If you have multiple 10Gbps (or faster) ports installed in a system, the RSS queues of each adapter port can be adjusted to use non-overlapping sets of processors within the adapter’s local Non-Uniform Memory Access (NUMA) Node/Socket. Change the RSS Base Processor Number for each adapter port so that the combination of the base processor and the max number of RSS processors settings ensure non-overlapping cores.For Microsoft Windows systems, do the following:

  1. Identify the adapter ports to be adjusted and inspect their RssProcessorArray using the Get-NetAdapterRSS PowerShell cmdlet.

  2. Identify the processors with NUMA distance 0. These are the cores in the adapter’s local NUMA Node/Socket and will provide the best performance.
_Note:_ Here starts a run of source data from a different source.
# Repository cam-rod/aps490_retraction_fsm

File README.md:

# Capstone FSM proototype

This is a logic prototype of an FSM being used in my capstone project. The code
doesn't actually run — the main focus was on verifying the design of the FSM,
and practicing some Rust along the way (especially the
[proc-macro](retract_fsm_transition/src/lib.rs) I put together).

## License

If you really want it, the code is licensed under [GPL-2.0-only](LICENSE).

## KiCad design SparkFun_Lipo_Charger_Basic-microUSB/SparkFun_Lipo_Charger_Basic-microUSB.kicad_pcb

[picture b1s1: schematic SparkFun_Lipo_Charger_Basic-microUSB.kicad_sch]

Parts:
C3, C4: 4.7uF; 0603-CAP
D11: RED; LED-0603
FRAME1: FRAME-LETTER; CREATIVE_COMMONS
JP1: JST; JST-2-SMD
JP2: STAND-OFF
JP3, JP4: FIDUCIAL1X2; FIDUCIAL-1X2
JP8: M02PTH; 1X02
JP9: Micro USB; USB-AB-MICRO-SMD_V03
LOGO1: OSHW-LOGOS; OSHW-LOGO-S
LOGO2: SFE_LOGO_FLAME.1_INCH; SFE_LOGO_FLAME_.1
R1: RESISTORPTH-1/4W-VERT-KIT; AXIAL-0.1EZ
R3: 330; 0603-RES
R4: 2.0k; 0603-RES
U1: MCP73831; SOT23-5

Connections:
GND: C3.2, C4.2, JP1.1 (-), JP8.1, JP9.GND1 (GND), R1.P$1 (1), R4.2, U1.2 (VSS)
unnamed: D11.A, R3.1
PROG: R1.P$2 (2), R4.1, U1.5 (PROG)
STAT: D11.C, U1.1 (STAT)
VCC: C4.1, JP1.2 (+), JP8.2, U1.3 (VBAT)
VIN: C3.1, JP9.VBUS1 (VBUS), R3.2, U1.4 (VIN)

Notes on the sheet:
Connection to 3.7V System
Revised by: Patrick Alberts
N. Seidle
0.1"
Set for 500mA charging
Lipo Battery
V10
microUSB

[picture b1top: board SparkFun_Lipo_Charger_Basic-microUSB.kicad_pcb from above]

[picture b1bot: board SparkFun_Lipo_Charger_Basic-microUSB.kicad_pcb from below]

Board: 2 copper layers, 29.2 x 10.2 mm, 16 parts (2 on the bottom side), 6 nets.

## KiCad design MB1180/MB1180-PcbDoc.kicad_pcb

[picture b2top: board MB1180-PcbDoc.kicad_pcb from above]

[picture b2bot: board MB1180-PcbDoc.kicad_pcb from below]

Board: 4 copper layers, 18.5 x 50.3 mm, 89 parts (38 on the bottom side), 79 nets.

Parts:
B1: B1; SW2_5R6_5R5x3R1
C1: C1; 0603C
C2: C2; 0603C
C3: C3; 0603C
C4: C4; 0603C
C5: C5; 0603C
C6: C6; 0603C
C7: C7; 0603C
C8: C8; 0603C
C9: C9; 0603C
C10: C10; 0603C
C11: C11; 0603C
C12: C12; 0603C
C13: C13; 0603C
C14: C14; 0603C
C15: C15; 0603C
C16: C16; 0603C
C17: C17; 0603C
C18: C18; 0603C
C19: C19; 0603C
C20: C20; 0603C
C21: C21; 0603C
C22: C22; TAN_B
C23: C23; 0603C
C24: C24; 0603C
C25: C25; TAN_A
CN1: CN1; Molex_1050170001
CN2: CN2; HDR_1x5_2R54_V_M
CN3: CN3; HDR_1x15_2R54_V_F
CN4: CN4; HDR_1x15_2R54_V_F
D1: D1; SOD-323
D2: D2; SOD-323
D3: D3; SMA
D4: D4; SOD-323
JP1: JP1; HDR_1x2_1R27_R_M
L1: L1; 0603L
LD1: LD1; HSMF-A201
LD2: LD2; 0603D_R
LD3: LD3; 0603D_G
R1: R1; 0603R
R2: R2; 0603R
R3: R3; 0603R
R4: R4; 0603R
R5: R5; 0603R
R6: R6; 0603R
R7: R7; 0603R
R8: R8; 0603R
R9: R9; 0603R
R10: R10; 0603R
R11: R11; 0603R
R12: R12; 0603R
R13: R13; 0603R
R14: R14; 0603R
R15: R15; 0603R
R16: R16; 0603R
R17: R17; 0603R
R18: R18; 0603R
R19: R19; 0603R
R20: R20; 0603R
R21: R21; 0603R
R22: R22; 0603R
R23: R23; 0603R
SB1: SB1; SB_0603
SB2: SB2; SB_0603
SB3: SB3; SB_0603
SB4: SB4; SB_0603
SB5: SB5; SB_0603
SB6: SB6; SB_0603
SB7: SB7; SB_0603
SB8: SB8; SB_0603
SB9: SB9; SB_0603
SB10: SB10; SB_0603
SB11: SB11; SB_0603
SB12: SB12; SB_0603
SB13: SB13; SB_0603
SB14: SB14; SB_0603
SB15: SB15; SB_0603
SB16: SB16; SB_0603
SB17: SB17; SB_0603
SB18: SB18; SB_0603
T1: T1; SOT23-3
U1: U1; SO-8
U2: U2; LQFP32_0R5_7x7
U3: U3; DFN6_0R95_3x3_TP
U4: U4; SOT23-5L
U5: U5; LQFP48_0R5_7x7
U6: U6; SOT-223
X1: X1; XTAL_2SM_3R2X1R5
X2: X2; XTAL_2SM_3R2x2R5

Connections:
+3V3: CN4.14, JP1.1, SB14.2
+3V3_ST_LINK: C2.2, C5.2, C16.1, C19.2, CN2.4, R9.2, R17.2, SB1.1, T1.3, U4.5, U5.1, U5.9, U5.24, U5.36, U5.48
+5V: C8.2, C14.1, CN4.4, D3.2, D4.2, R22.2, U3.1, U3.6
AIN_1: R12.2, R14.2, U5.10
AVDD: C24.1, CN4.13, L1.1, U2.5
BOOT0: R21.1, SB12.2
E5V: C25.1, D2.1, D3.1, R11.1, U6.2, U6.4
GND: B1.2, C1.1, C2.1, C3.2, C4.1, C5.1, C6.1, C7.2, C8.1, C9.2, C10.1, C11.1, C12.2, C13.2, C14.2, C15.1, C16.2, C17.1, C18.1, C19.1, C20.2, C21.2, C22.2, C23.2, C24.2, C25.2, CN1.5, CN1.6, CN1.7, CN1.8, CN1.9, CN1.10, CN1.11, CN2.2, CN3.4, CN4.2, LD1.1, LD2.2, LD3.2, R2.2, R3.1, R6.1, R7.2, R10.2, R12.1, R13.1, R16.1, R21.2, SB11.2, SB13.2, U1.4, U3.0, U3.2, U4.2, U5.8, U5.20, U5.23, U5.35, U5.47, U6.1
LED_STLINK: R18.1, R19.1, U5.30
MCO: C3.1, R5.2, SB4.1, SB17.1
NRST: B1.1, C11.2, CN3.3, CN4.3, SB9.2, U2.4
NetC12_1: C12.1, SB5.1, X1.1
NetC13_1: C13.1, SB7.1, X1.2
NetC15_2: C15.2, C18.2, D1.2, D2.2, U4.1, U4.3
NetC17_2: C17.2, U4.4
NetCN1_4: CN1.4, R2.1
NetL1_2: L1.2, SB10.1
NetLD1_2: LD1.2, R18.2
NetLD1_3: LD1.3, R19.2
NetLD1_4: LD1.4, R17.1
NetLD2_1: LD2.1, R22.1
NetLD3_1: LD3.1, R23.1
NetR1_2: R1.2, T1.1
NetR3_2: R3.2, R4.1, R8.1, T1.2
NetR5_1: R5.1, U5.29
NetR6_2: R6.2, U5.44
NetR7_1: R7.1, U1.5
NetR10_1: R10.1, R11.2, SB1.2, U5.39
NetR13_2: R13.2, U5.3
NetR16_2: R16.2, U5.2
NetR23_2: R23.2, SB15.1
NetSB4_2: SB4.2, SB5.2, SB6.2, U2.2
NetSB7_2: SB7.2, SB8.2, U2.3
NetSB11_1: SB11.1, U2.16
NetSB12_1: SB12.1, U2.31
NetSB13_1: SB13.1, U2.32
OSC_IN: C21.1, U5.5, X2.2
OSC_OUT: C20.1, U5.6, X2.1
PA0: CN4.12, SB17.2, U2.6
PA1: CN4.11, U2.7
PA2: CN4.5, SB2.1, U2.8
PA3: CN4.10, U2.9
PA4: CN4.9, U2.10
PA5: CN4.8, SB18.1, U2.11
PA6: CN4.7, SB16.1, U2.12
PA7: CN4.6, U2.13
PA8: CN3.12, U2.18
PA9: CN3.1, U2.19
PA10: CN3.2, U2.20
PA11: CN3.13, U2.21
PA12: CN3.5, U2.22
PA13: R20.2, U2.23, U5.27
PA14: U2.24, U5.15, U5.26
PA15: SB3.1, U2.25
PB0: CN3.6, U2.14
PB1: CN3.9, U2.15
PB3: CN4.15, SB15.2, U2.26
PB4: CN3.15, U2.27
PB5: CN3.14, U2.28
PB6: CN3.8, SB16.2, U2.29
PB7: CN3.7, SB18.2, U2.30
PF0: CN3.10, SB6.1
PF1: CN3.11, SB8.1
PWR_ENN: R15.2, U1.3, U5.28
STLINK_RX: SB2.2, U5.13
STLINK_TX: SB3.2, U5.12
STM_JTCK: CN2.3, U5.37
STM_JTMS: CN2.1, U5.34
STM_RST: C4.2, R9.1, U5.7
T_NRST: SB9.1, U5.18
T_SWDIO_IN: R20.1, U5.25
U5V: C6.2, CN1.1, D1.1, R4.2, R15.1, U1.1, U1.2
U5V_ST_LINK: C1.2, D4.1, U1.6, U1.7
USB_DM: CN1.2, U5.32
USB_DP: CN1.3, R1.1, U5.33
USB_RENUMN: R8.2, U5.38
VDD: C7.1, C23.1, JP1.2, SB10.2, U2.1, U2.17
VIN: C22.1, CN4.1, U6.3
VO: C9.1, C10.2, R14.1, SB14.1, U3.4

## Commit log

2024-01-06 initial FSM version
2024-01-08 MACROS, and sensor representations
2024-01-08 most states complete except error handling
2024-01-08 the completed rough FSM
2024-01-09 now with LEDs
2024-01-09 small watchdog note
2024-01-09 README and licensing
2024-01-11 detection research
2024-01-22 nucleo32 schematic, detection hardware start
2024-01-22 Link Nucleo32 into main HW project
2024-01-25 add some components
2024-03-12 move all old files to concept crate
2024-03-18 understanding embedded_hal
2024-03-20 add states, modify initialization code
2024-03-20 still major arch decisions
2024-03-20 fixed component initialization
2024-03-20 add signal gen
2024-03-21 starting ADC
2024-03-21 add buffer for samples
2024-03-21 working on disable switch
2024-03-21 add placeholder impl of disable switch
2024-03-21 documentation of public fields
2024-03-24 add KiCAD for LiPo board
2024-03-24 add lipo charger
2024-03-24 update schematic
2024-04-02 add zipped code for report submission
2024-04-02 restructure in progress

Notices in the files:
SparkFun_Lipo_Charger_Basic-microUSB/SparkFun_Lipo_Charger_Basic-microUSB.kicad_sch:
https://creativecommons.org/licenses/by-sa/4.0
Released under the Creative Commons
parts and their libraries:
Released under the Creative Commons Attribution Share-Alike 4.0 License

  3. Adjust the RSS Base processor on each port to use a non-overlapping set of processors within the local set of processors. You can do this manually or using the following PowerShell command:

    Set-NetAdapterAdvancedProperty -Name <Adapter Name> -DisplayName "RSS Base
    Processor Number" -DisplayValue <RSS Base Proc Value>
    
  4. Use the Get-NetAdapterAdvancedproperty cmdlet to check that the right values have been set:

    Get-NetAdapterAdvancedproperty -Name <Adapter Name>
    

For example: For a 4-port adapter with Local processors 0, 2, 4, 6, 8, 10, 12, 14, 16, 18, 20, 22, 24, 26, 28, 30, and Max RSS processor of 8, set the RSS base processors to 0, 8, 16 and 24.

CPU Affinity

When passing traffic on multiple network ports using an I/O application that runs on most or all of the cores in your system, consider setting the CPU Affinity for that application to fewer cores. This should reduce CPU utilization and in some cases may increase throughput for the device. The cores selected for CPU Affinity must be local to the affected network device’s Processor Node/Group. You can use the PowerShell command Get-NetAdapterRSS to list the cores that are local to a device. You may need to increase the number of cores assigned to the application to maximize throughput. Refer to your operating system documentation for more details on setting the CPU Affinity.

Optimization for Specific Usage Models

The following sections describe possible tasks you can try to optimize performance for specific server usage models.

Optimize for Quick Response and Low Latency

Useful for: Video, audio, and High Performance Computing Cluster (HPCC) servers

  • Minimize or disable interrupt moderation rate.

  • Disable offload TCP segmentation.

  • Disable jumbo packets.

  • Increase transmit descriptors.

  • Increase receive descriptors.

  • Increase RSS queues.

Optimize for Throughput

Useful for: Data backup/retrieval and file servers

  • Enable jumbo packets.

  • Increase transmit descriptors.

  • Increase receive descriptors.

  • On systems that support NUMA, set the Preferred NUMA Node on each adapter to achieve better scaling across NUMA nodes.

Optimize for CPU Utilization

Useful for: Application, web, mail, and database servers

  • Maximize interrupt moderation rate.

  • Keep the default setting for the number of receive descriptors; avoid setting large numbers of receive descriptors.

  • Decrease RSS queues.

  • In Hyper-V environments, decrease the max number of RSS CPUs.